The driver samples the state of the kernel's logical processor
support at the time of initialization (i.e., at module load time). On CPUs
supporting logical processors, the driver could misbehave if logical
processors are subsequently enabled or disabled while the driver is
active.
On the i386 architecture, the driver requires that the local APIC
on the CPU be enabled for sampling mode to be supported. Many
single-processor motherboards keep the APIC disabled in BIOS; on such
systems hwpmc
will not support sampling PMCs.
PMCs may be used to monitor the actual behavior of the system on
hardware. In situations where this constitutes an undesirable information
leak, the following options are available:
- Set the
sysctl(8)
tunable security.bsd.unprivileged_syspmcs to 0. This
ensures that unprivileged processes cannot allocate system-wide PMCs and
thus cannot observe the hardware behavior of the system as a whole.

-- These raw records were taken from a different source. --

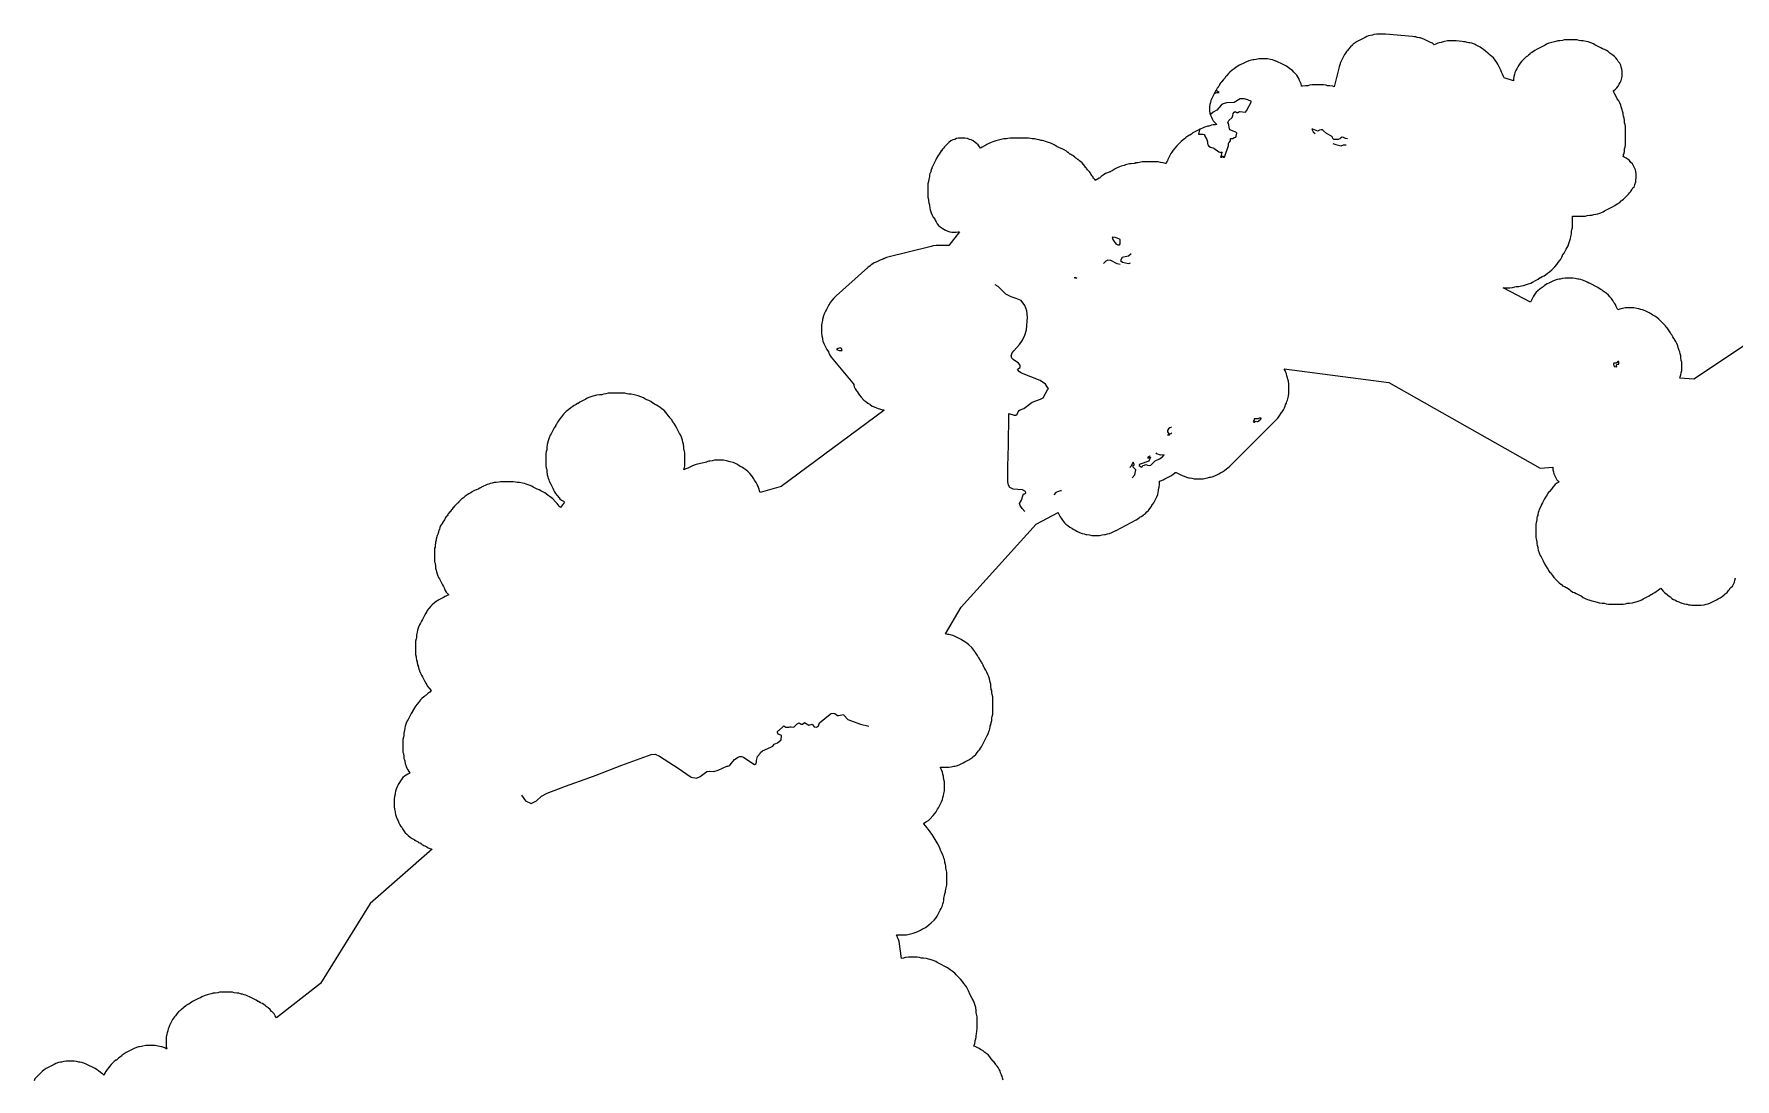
# Model space of a CAD drawing. Header units: metres. Extents: x 0 to 1325, y -1 to 773.
# Drawn here: x 337.26 to 372.12, y 339.34 to 360.75 of the extents above; entities that cross this region are included whole.
import ezdxf

# ---------------------------------------------------------------- set-up
doc = ezdxf.new("R2010")
doc.units = ezdxf.units.M

msp = doc.modelspace()

# ---------------------------------------------------------------- linework, layer by layer
at = {"layer": 'CUT'}
for points in [[(372.77, 354.668), (371.28, 353.678), (370.99, 353.698), (371, 353.728), (371.01, 353.768), (371.02, 353.808), (371.03, 353.858), (371.03, 353.898), (371.03, 353.988), (371.03, 354.028), (371.02, 354.058), (371.01, 354.118), (371.01, 354.158), (371, 354.198), (370.99, 354.238), (370.98, 354.268), (370.96, 354.328), (370.95, 354.358), (370.93, 354.408), (370.91, 354.448), (370.88, 354.488), (370.88, 354.498), (370.87, 354.508), (370.85, 354.548), (370.83, 354.588), (370.81, 354.608), (370.8, 354.628), (370.79, 354.648), (370.77, 354.668), (370.76, 354.688), (370.73, 354.728), (370.72, 354.738), (370.71, 354.748), (370.7, 354.768), (370.56, 354.908), (370.52, 354.938), (370.48, 354.968), (370.44, 354.988), (370.43, 354.998), (370.4, 355.018), (370.36, 355.038), (370.32, 355.058), (370.28, 355.078), (370.23, 355.098), (370.19, 355.108), (370.15, 355.118), (370.11, 355.128), (370.05, 355.138), (370, 355.138), (369.91, 355.138), (369.87, 355.138), (369.82, 355.128), (369.78, 355.118), (369.74, 355.108), (369.72, 355.098), (369.71, 355.128), (369.69, 355.168), (369.67, 355.208), (369.65, 355.238), (369.64, 355.248), (369.62, 355.288), (369.59, 355.328), (369.56, 355.368), (369.53, 355.398), (369.48, 355.438), (369.44, 355.468), (369.42, 355.478), (369.4, 355.498), (369.37, 355.518), (369.34, 355.538), (369.31, 355.558), (369.14, 355.648), (369.13, 355.648), (369.09, 355.668), (369.05, 355.688), (369, 355.708), (368.96, 355.718), (368.92, 355.728), (368.9, 355.728), (368.85, 355.738), (368.8, 355.748), (368.76, 355.748), (368.68, 355.748), (368.64, 355.748), (368.59, 355.738), (368.54, 355.728), (368.52, 355.728), (368.48, 355.718), (368.44, 355.708), (368.39, 355.688), (368.35, 355.668), (368.31, 355.648), (368.27, 355.628), (368.24, 355.608), (368.21, 355.588), (368.19, 355.568), (368.17, 355.558), (368.13, 355.528), (368.08, 355.488), (368.05, 355.458), (368.02, 355.418), (367.99, 355.378), (367.97, 355.338), (367.95, 355.298), (367.93, 355.258), (367.37, 355.548), (367.47, 355.548), (367.51, 355.548), (367.56, 355.558), (367.61, 355.568), (367.64, 355.578), (367.66, 355.578), (367.69, 355.578), (367.75, 355.588), (367.79, 355.598), (367.83, 355.608), (367.89, 355.628), (367.94, 355.648), (367.97, 355.668), (368.05, 355.708), (368.09, 355.728), (368.13, 355.758), (368.14, 355.758), (368.17, 355.778), (368.21, 355.798), (368.24, 355.818), (368.28, 355.848), (368.32, 355.878), (368.37, 355.918), (368.43, 355.978), (368.47, 356.028), (368.5, 356.068), (368.53, 356.108), (368.55, 356.138), (368.57, 356.178), (368.59, 356.208), (368.59, 356.218), (368.62, 356.258), (368.64, 356.298), (368.66, 356.338), (368.68, 356.378), (368.7, 356.408), (368.72, 356.458), (368.74, 356.518), (368.75, 356.558), (368.76, 356.598), (368.77, 356.658), (368.77, 356.688), (368.77, 356.708), (368.78, 356.738), (368.79, 356.788), (368.79, 356.828), (368.79, 356.988), (368.79, 357.018), (368.83, 357.018), (369.02, 357.018), (369.06, 357.018), (369.09, 357.028), (369.15, 357.038), (369.19, 357.038), (369.23, 357.048), (369.27, 357.058), (369.31, 357.068), (369.37, 357.088), (369.42, 357.108), (369.45, 357.128), (369.49, 357.148), (369.53, 357.168), (369.61, 357.208), (369.66, 357.238), (369.69, 357.258), (369.72, 357.278), (369.76, 357.298), (369.79, 357.328), (369.8, 357.338), (369.81, 357.348), (369.84, 357.368), (369.87, 357.398), (369.9, 357.428), (369.92, 357.448), (369.93, 357.458), (369.94, 357.468), (369.96, 357.498), (369.98, 357.518), (370.01, 357.558), (370.03, 357.598), (370.06, 357.628), (370.07, 357.668), (370.09, 357.718), (370.09, 357.758), (370.1, 357.798), (370.1, 357.848), (370.1, 357.888), (370.09, 357.928), (370.08, 357.968), (370.06, 358.008), (370.04, 358.048), (370.02, 358.088), (369.99, 358.118), (369.96, 358.158), (369.93, 358.178), (369.89, 358.208), (369.85, 358.228), (369.83, 358.238), (369.84, 358.258), (369.84, 358.278), (369.85, 358.298), (369.86, 358.348), (369.86, 358.388), (369.86, 358.398), (369.87, 358.428), (369.88, 358.478), (369.88, 358.528), (369.88, 358.798), (369.88, 358.848), (369.87, 358.898), (369.86, 358.928), (369.86, 358.938), (369.86, 358.978), (369.85, 359.028), (369.84, 359.068), (369.83, 359.108), (369.83, 359.128), (369.82, 359.168), (369.81, 359.198), (369.79, 359.258), (369.78, 359.288), (369.76, 359.338), (369.74, 359.378), (369.71, 359.418), (369.71, 359.428), (369.7, 359.438), (369.66, 359.518), (369.64, 359.558), (369.63, 359.578), (369.63, 359.588), (369.64, 359.588), (369.67, 359.618), (369.7, 359.648), (369.73, 359.678), (369.75, 359.718), (369.77, 359.758), (369.79, 359.798), (369.8, 359.848), (369.81, 359.888), (369.81, 359.938), (369.81, 359.978), (369.8, 360.028), (369.79, 360.068), (369.78, 360.108), (369.76, 360.148), (369.73, 360.188), (369.71, 360.228), (369.68, 360.258), (369.65, 360.288), (369.6, 360.328), (369.56, 360.358), (369.52, 360.388), (369.49, 360.408), (369.45, 360.428), (369.41, 360.448), (369.37, 360.468), (369.29, 360.508), (369.25, 360.528), (369.22, 360.548), (369.17, 360.568), (369.11, 360.588), (369.07, 360.598), (369.01, 360.608), (368.98, 360.608), (368.96, 360.608), (368.93, 360.618), (368.88, 360.628), (368.84, 360.628), (368.66, 360.628), (368.62, 360.628), (368.59, 360.618), (368.53, 360.608), (368.49, 360.608), (368.45, 360.598), (368.37, 360.578), (368.31, 360.558), (368.26, 360.538), (368.23, 360.518), (368.19, 360.498), (368.15, 360.478), (368.11, 360.458), (368.07, 360.438), (368.02, 360.408), (367.99, 360.388), (367.96, 360.368), (367.92, 360.348), (367.92, 360.338), (367.89, 360.318), (367.88, 360.308), (367.87, 360.298), (367.84, 360.278), (367.81, 360.248), (367.78, 360.218), (367.75, 360.188), (367.72, 360.148), (367.69, 360.108), (367.67, 360.078), (367.65, 360.038), (367.63, 359.998), (367.61, 359.958), (367.6, 359.918), (367.59, 359.878), (367.58, 359.828), (367.58, 359.788), (367.39, 359.848), (367.38, 359.878), (367.36, 359.928), (367.34, 359.968), (367.32, 360.008), (367.3, 360.048), (367.28, 360.088), (367.26, 360.128), (367.24, 360.168), (367.17, 360.258), (367.14, 360.288), (367.11, 360.308), (367.08, 360.338), (367.07, 360.348), (367.06, 360.358), (367.01, 360.398), (366.97, 360.428), (366.93, 360.458), (366.9, 360.478), (366.86, 360.498), (366.82, 360.518), (366.78, 360.538), (366.73, 360.558), (366.69, 360.568), (366.67, 360.568), (366.63, 360.578), (366.6, 360.588), (366.56, 360.588), (366.53, 360.598), (366.41, 360.608), (366.37, 360.608), (366.28, 360.608), (366.23, 360.608), (366.17, 360.598), (366.14, 360.588), (366.1, 360.578), (366.06, 360.568), (366.03, 360.558), (365.99, 360.538), (365.96, 360.528), (365.92, 360.558), (365.88, 360.578), (365.84, 360.598), (365.8, 360.618), (365.76, 360.638), (365.71, 360.658), (365.67, 360.668), (365.65, 360.668), (365.61, 360.678), (365.58, 360.688), (365.55, 360.688), (365.51, 360.698), (364.96, 360.748), (364.92, 360.748), (364.83, 360.748), (364.78, 360.748), (364.72, 360.738), (364.69, 360.728), (364.65, 360.718), (364.61, 360.708), (364.58, 360.698), (364.54, 360.678), (364.5, 360.658), (364.46, 360.638), (364.42, 360.618), (364.38, 360.598), (364.34, 360.568), (364.3, 360.538), (364.29, 360.528), (364.28, 360.518), (364.24, 360.488), (364.21, 360.448), (364.18, 360.408), (364.16, 360.388), (364.14, 360.358), (364.12, 360.328), (364.1, 360.288), (364.08, 360.248), (364.06, 360.208), (364.04, 360.168), (364.02, 360.118), (364.01, 360.078), (363.91, 359.668), (363.88, 359.678), (363.82, 359.688), (363.79, 359.688), (363.77, 359.688), (363.74, 359.698), (363.69, 359.708), (363.65, 359.708), (363.49, 359.708), (363.45, 359.708), (363.4, 359.698), (363.37, 359.688), (363.35, 359.688), (363.32, 359.688), (363.26, 359.678), (363.24, 359.678), (363.24, 359.688), (363.23, 359.728), (363.22, 359.758), (363.2, 359.798), (363.18, 359.838), (363.16, 359.868), (363.14, 359.908), (363.11, 359.938), (363.08, 359.968), (363.05, 359.998), (363, 360.038), (362.96, 360.068), (362.93, 360.088), (362.89, 360.108), (362.85, 360.128), (362.81, 360.148), (362.77, 360.168), (362.73, 360.188), (362.68, 360.208), (362.64, 360.218), (362.6, 360.228), (362.54, 360.238), (362.49, 360.238), (362.4, 360.238), (362.36, 360.238), (362.31, 360.228), (362.26, 360.218), (362.24, 360.218), (362.16, 360.198), (362.11, 360.178), (362.07, 360.158), (362.03, 360.138), (362.01, 360.128), (361.97, 360.108), (361.93, 360.088), (361.9, 360.068), (361.86, 360.038), (361.82, 360.008), (361.77, 359.968), (361.74, 359.938), (361.71, 359.898), (361.7, 359.888), (361.68, 359.868), (361.67, 359.848), (361.65, 359.828), (361.64, 359.818), (361.62, 359.788), (361.61, 359.788), (361.61, 359.778), (361.6, 359.768), (361.59, 359.748), (361.58, 359.748), (361.57, 359.728), (361.57, 359.718), (361.56, 359.718), (361.56, 359.708), (361.55, 359.688), (361.54, 359.678), (361.53, 359.668), (361.53, 359.658), (361.51, 359.638), (361.5, 359.628), (361.49, 359.598), (361.48, 359.588), (361.46, 359.548), (361.44, 359.508), (361.4, 359.428), (361.38, 359.388), (361.37, 359.348), (361.36, 359.308), (361.35, 359.258), (361.35, 359.218), (361.35, 359.178), (361.36, 359.128), (361.37, 359.088), (361.39, 359.048), (361.41, 359.008), (361.43, 358.968), (361.46, 358.938), (361.49, 358.908), (361.5, 358.898), (361.47, 358.888), (361.43, 358.888), (361.39, 358.878), (361.36, 358.868), (361.34, 358.858), (361.32, 358.858), (361.28, 358.848), (361.25, 358.838), (361.22, 358.828), (361.16, 358.798), (361.12, 358.778), (361.08, 358.758), (361.05, 358.748), (361, 358.718), (361, 358.708), (360.98, 358.698), (360.95, 358.678), (360.94, 358.678), (360.91, 358.658), (360.87, 358.628), (360.86, 358.618), (360.81, 358.578), (360.77, 358.548), (360.68, 358.458), (360.64, 358.408), (360.61, 358.368), (360.58, 358.328), (360.56, 358.298), (360.54, 358.258), (360.52, 358.218), (360.5, 358.178), (360.49, 358.148), (360.48, 358.138), (360.47, 358.118), (360.47, 358.108), (360.46, 358.098), (360.45, 358.098), (360.4, 358.108), (360.35, 358.118), (360.3, 358.128), (360.26, 358.128), (360.01, 358.128), (359.97, 358.128), (359.92, 358.118), (359.88, 358.108), (359.87, 358.108), (359.84, 358.108), (359.82, 358.098), (359.81, 358.098), (359.75, 358.088), (359.71, 358.088), (359.63, 358.068), (359.6, 358.058), (359.54, 358.038), (359.51, 358.028), (359.46, 358.008), (359.42, 357.988), (359.38, 357.958), (359.37, 357.958), (359.36, 357.948), (359.34, 357.938), (359.32, 357.928), (359.31, 357.928), (359.26, 357.908), (359.22, 357.888), (359.17, 357.858), (359.13, 357.828), (359.1, 357.798), (359.09, 357.798), (359.06, 357.778), (359.04, 357.768), (359.01, 357.748), (359, 357.768), (358.98, 357.788), (358.97, 357.798), (358.97, 357.808), (358.96, 357.828), (358.95, 357.838), (358.94, 357.848), (358.93, 357.868), (358.92, 357.878), (358.92, 357.888), (358.9, 357.908), (358.9, 357.918), (358.87, 357.948), (358.85, 357.968), (358.84, 357.988), (358.83, 357.998), (358.82, 358.008), (358.8, 358.038), (358.77, 358.078), (358.74, 358.108), (358.69, 358.148), (358.66, 358.178), (358.65, 358.178), (358.64, 358.188), (358.63, 358.198), (358.61, 358.208), (358.59, 358.228), (358.55, 358.258), (358.53, 358.268), (358.51, 358.278), (358.5, 358.288), (358.49, 358.288), (358.47, 358.308), (358.46, 358.318), (358.45, 358.318), (358.42, 358.348), (358.37, 358.378), (358.33, 358.398), (358.28, 358.418), (358.25, 358.428), (358.23, 358.438), (358.22, 358.448), (358.21, 358.448), (358.17, 358.478), (358.13, 358.498), (358.08, 358.518), (358.05, 358.528), (357.99, 358.548), (357.96, 358.558), (357.92, 358.568), (357.9, 358.568), (357.86, 358.578), (357.82, 358.588), (357.77, 358.598), (357.73, 358.598), (357.72, 358.598), (357.69, 358.608), (357.64, 358.618), (357.59, 358.618), (357.32, 358.618), (357.27, 358.618), (357.22, 358.608), (357.19, 358.598), (357.18, 358.598), (357.14, 358.598), (357.08, 358.588), (357, 358.568), (356.97, 358.558), (356.91, 358.538), (356.88, 358.528), (356.83, 358.508), (356.79, 358.488), (356.75, 358.458), (356.74, 358.458), (356.69, 358.428), (356.66, 358.408), (356.64, 358.438), (356.61, 358.478), (356.58, 358.508), (356.55, 358.528), (356.51, 358.558), (356.47, 358.578), (356.43, 358.588), (356.39, 358.608), (356.34, 358.618), (356.3, 358.618), (356.26, 358.618), (356.21, 358.618), (356.17, 358.608), (356.13, 358.588), (356.09, 358.578), (356.05, 358.558), (356.01, 358.528), (355.98, 358.498), (355.95, 358.468), (355.92, 358.438), (355.9, 358.408), (355.89, 358.398), (355.88, 358.388), (355.86, 358.358), (355.85, 358.358), (355.83, 358.318), (355.81, 358.288), (355.79, 358.258), (355.76, 358.208), (355.74, 358.168), (355.72, 358.128), (355.7, 358.088), (355.68, 358.048), (355.67, 358.018), (355.66, 358.008), (355.66, 357.998), (355.66, 357.988), (355.65, 357.978), (355.65, 357.968), (355.65, 357.958), (355.64, 357.938), (355.64, 357.928), (355.63, 357.898), (355.62, 357.888), (355.61, 357.848), (355.61, 357.828), (355.6, 357.778), (355.59, 357.728), (355.58, 357.678), (355.58, 357.638), (355.58, 357.458), (355.58, 357.408), (355.59, 357.358), (355.59, 357.338), (355.6, 357.288), (355.61, 357.248), (355.61, 357.228), (355.62, 357.188), (355.63, 357.148), (355.65, 357.088), (355.67, 357.038), (355.69, 356.998), (355.72, 356.958), (355.72, 356.948), (355.73, 356.938), (355.75, 356.898), (355.77, 356.858), (355.8, 356.828), (355.83, 356.798), (355.87, 356.768), (355.91, 356.748), (355.94, 356.728), (355.99, 356.708), (356.03, 356.698), (356.07, 356.688), (356.11, 356.688), (356.16, 356.688), (356.2, 356.698), (356.23, 356.698), (356.01, 356.418), (355.99, 356.418), (355.94, 356.418), (355.8, 356.418), (355.75, 356.418), (355.69, 356.408), (355.65, 356.398), (354.73, 356.168), (354.69, 356.148), (354.68, 356.148), (354.67, 356.138), (354.65, 356.138), (354.64, 356.128), (354.6, 356.118), (354.56, 356.098), (354.52, 356.078), (354.48, 356.058), (354.45, 356.038), (354.42, 356.018), (354.4, 355.998), (354.35, 355.968), (353.7, 355.388), (353.68, 355.368), (353.65, 355.338), (353.61, 355.288), (353.58, 355.248), (353.57, 355.228), (353.55, 355.198), (353.52, 355.148), (353.5, 355.108), (353.48, 355.068), (353.46, 355.028), (353.44, 354.978), (353.42, 354.898), (353.42, 354.878), (353.41, 354.828), (353.4, 354.778), (353.4, 354.738), (353.4, 354.658), (353.4, 354.618), (353.41, 354.568), (353.42, 354.518), (353.42, 354.498), (353.43, 354.458), (353.45, 354.408), (353.47, 354.368), (353.49, 354.328), (353.51, 354.288), (353.54, 354.238), (353.54, 354.228), (353.55, 354.218), (353.57, 354.168), (353.6, 354.128), (354.04, 353.598), (354.05, 353.588), (354.06, 353.568), (354.06, 353.558), (354.07, 353.518), (354.09, 353.478), (354.12, 353.438), (354.13, 353.428), (354.15, 353.388), (354.18, 353.348), (354.21, 353.308), (354.27, 353.248), (354.31, 353.218), (354.35, 353.188), (354.39, 353.168), (354.4, 353.158), (354.44, 353.128), (354.48, 353.108), (354.53, 353.088), (354.56, 353.078), (354.59, 353.068), (354.63, 353.058), (354.67, 353.048), (354.68, 353.048), (354.68, 353.038), (352.57, 351.478), (352.14, 351.358), (352.13, 351.388), (352.12, 351.428), (352.11, 351.458), (352.08, 351.518), (352.06, 351.558), (352.03, 351.608), (352.01, 351.638), (352, 351.658), (351.97, 351.698), (351.93, 351.748), (351.9, 351.778), (351.85, 351.818), (351.81, 351.848), (351.78, 351.868), (351.74, 351.888), (351.73, 351.898), (351.72, 351.898), (351.68, 351.928), (351.64, 351.948), (351.59, 351.968), (351.53, 351.988), (351.45, 352.008), (351.39, 352.018), (351.34, 352.018), (351.25, 352.018), (351.21, 352.018), (351.16, 352.008), (351.11, 351.998), (351.09, 351.998), (351.05, 351.988), (351.04, 351.978), (350.83, 351.928), (350.79, 351.918), (350.74, 351.898), (350.7, 351.878), (350.66, 351.858), (350.62, 351.838), (350.58, 351.818), (350.59, 351.868), (350.6, 351.898), (350.6, 351.938), (350.6, 352.118), (350.6, 352.158), (350.59, 352.208), (350.58, 352.238), (350.58, 352.258), (350.58, 352.288), (350.57, 352.348), (350.56, 352.388), (350.55, 352.428), (350.53, 352.488), (350.51, 352.538), (350.49, 352.568), (350.47, 352.608), (350.45, 352.648), (350.43, 352.688), (350.4, 352.738), (350.38, 352.768), (350.36, 352.788), (350.36, 352.798), (350.34, 352.828), (350.34, 352.838), (350.32, 352.858), (350.31, 352.868), (350.29, 352.888), (350.29, 352.898), (350.28, 352.908), (350.24, 352.958), (350.21, 352.998), (350.18, 353.028), (350.13, 353.068), (350.09, 353.098), (350.05, 353.128), (350.02, 353.148), (349.98, 353.168), (349.95, 353.188), (349.94, 353.188), (349.9, 353.218), (349.86, 353.238), (349.82, 353.258), (349.78, 353.278), (349.75, 353.298), (349.7, 353.318), (349.64, 353.338), (349.56, 353.358), (349.5, 353.368), (349.47, 353.368), (349.45, 353.368), (349.42, 353.378), (349.37, 353.388), (349.33, 353.388), (349.07, 353.388), (349.03, 353.388), (348.98, 353.378), (348.93, 353.368), (348.9, 353.358), (348.88, 353.358), (348.85, 353.358), (348.79, 353.348), (348.75, 353.338), (348.71, 353.328), (348.65, 353.308), (348.6, 353.288), (348.57, 353.268), (348.53, 353.248), (348.45, 353.208), (348.41, 353.178), (348.4, 353.178), (348.37, 353.158), (348.33, 353.138), (348.3, 353.118), (348.26, 353.088), (348.22, 353.058), (348.17, 353.018), (348.11, 352.958), (348.07, 352.908), (348.04, 352.868), (348.01, 352.828), (347.99, 352.798), (347.97, 352.758), (347.95, 352.728), (347.95, 352.718), (347.92, 352.678), (347.9, 352.638), (347.88, 352.598), (347.86, 352.558), (347.84, 352.528), (347.82, 352.478), (347.8, 352.418), (347.78, 352.338), (347.77, 352.278), (347.77, 352.248), (347.77, 352.228), (347.76, 352.198), (347.75, 352.148), (347.75, 352.108), (347.75, 351.948), (347.75, 351.908), (347.76, 351.858), (347.77, 351.828), (347.77, 351.808), (347.77, 351.778), (347.78, 351.718), (347.79, 351.678), (347.8, 351.648), (347.81, 351.618), (347.82, 351.588), (347.85, 351.528), (347.87, 351.488), (347.89, 351.448), (347.91, 351.408), (347.93, 351.368), (347.95, 351.338), (347.98, 351.298), (348.02, 351.248), (348.04, 351.228), (348.07, 351.198), (348.11, 351.178), (348.13, 351.158), (348.05, 351.048), (348.03, 351.068), (348.02, 351.078), (347.98, 351.128), (347.95, 351.168), (347.89, 351.228), (347.84, 351.268), (347.8, 351.298), (347.76, 351.328), (347.73, 351.348), (347.69, 351.368), (347.65, 351.388), (347.61, 351.408), (347.57, 351.428), (347.53, 351.448), (347.49, 351.468), (347.46, 351.488), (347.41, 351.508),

This
tunable may also be set at boot time using
loader(8),
or with
kenv(1)
prior to loading the
hwpmc
driver into the
kernel.
- Set the
sysctl(8)
tunable security.bsd.unprivileged_proc_debug to 0.
This will ensure that an unprivileged process cannot attach a PMC to any
process other than itself and thus cannot observe the hardware behavior of
other processes with the same credentials.
System administrators should note that on IA-32 platforms
FreeBSD makes the content of the IA-32 TSC counter
available to all processes via the RDTSC instruction.